Friday | 9 January, 2009
CIO
BI, CI, Oh!
While the business information officer - BIO - title may be flashy and American, the need is global.
Beverley Head 08 October, 2003 09:38:10

It was a US job advertisement that piqued the interest: A financial services company in Virginia wanted a business information officer - a supercharged go-between to shuttle between the business unit and the technology group. Does Australia need someone similar? Beverley Head shuttles between the experts to find an answer.

"It's typical of the US - creating a flashy title," says Malcolm Freame, director of infrastructure for Ernst & Young, based in Sydney.

While the business information officer - BIO - title may be flashy and American, the need is global, confirms Freame. "The CIO role in the organisation has grown beyond IT management, and there is a skills gap between them and the business. They need someone in a brokering role," he says.

At Capital One in the US, which placed the recruitment ad, the sought after business information officer was to work intimately with the business units to map a one- to three-year vision, identify the business processes and information flows that would be required to support that vision, convey it to the IT department and ensure that the systems the IT department created meshed perfectly with what the business would require. The individual was also to act as a change agent for the business unit, driving through process change or championing new technologies where they would add value to the business unit, even if the business unit had not commissioned them directly.

The BIO clearly was to be hostage neither to the business nor the technology department. Importantly, he or she was to be empowered to act decisively.

Freame says the person filling the BIO role needs to sit comfortably between the business and the information service delivery arm. He says that the emergence of the position was not a reflection on the performance of CIOs so much as a recognition that CIOs could either be highly skilled in information management, or more technologically skilled. "They can't wear both hats," Freame says.

Ernst & Young has tackled the issue by appointing a director of business systems, who is separate from, but on a level with, the firm's CIO. Philip Langley is the director of business systems, reports to Freame and is both IT savvy and business aware. "The scope of his role is to look at the main business processes and the way that IT supports them," says Freame. "Stephen Arnold [the CIO] is involved in the development of infrastructure and support, They are peers and both report through me."

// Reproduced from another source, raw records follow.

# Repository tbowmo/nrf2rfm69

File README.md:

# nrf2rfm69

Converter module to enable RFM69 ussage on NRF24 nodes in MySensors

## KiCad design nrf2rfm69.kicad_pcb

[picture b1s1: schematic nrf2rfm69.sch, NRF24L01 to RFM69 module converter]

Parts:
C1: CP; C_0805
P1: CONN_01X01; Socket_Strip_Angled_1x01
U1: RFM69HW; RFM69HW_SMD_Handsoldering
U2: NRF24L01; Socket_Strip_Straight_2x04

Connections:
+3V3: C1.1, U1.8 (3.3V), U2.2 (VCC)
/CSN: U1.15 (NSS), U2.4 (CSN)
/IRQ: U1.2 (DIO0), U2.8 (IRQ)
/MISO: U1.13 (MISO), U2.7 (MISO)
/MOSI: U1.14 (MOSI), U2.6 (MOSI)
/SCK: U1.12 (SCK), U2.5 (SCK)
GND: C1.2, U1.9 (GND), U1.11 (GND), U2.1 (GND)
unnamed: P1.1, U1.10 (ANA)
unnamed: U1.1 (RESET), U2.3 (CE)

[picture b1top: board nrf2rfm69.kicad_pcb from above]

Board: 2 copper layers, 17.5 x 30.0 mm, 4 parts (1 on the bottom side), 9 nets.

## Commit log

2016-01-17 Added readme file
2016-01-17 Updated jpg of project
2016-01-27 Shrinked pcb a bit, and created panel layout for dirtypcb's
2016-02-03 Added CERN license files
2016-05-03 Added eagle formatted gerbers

Interestingly, Freame does wear two hats. He is also the company's chief knowledge officer. and by acting as a funnel for both IT and business intelligence, he probably has a clearer perspective on the firm's knowledge management requirements and delivery capabilities.

Mark Lelliott, managing partner of executive search firm Highland Partners, says that although he has not seen the term "BIO" used by Australian companies seeking information systems staff, that is not "because organisations are not readdressing the relationship between business and technology". Rather, as Freame says, they're just not using flashy job titles. Lelliott has recently been involved with two Australian organisations seeking employees to "manage the relationship between the business unit and technology".

"One organisation has a matrix approach and they are seeking to put individuals in who understand that and can manage the information needs of the matrix," he says. In that case, which involves a particularly large enterprise, Lelliott says the business solutions manager reported through a head of business solutions who then reported to the CIO. Unlike the Ernst & Young situation, the CIO in this situation had rank on the BIO - arguably counter to the ideal where each role would exercise equal clout.

The other, a smaller organisation, had defined a new "customer management role" says Lelliott. Business analysts within the different business units in that organisation reported to that customer manager their information needs, which were then translated into technical blueprints for solutions fulfilled by the IT group.

In August this year Integral Energy also went looking for what it referred to as a "business intelligence manager" for whom it was prepared to pay around $110,000 a year. The job specification, which appeared in the national press, called for someone to "identify enterprise requirements for reporting, link these to the corporate data architecture and provide the structures to users. Also required are hands-on data modelling activities to provide the business with commercial information," the job specification continued. "You will also need to establish standards and toolsets to develop a self-service environment for business reports while educating business users on its functionality."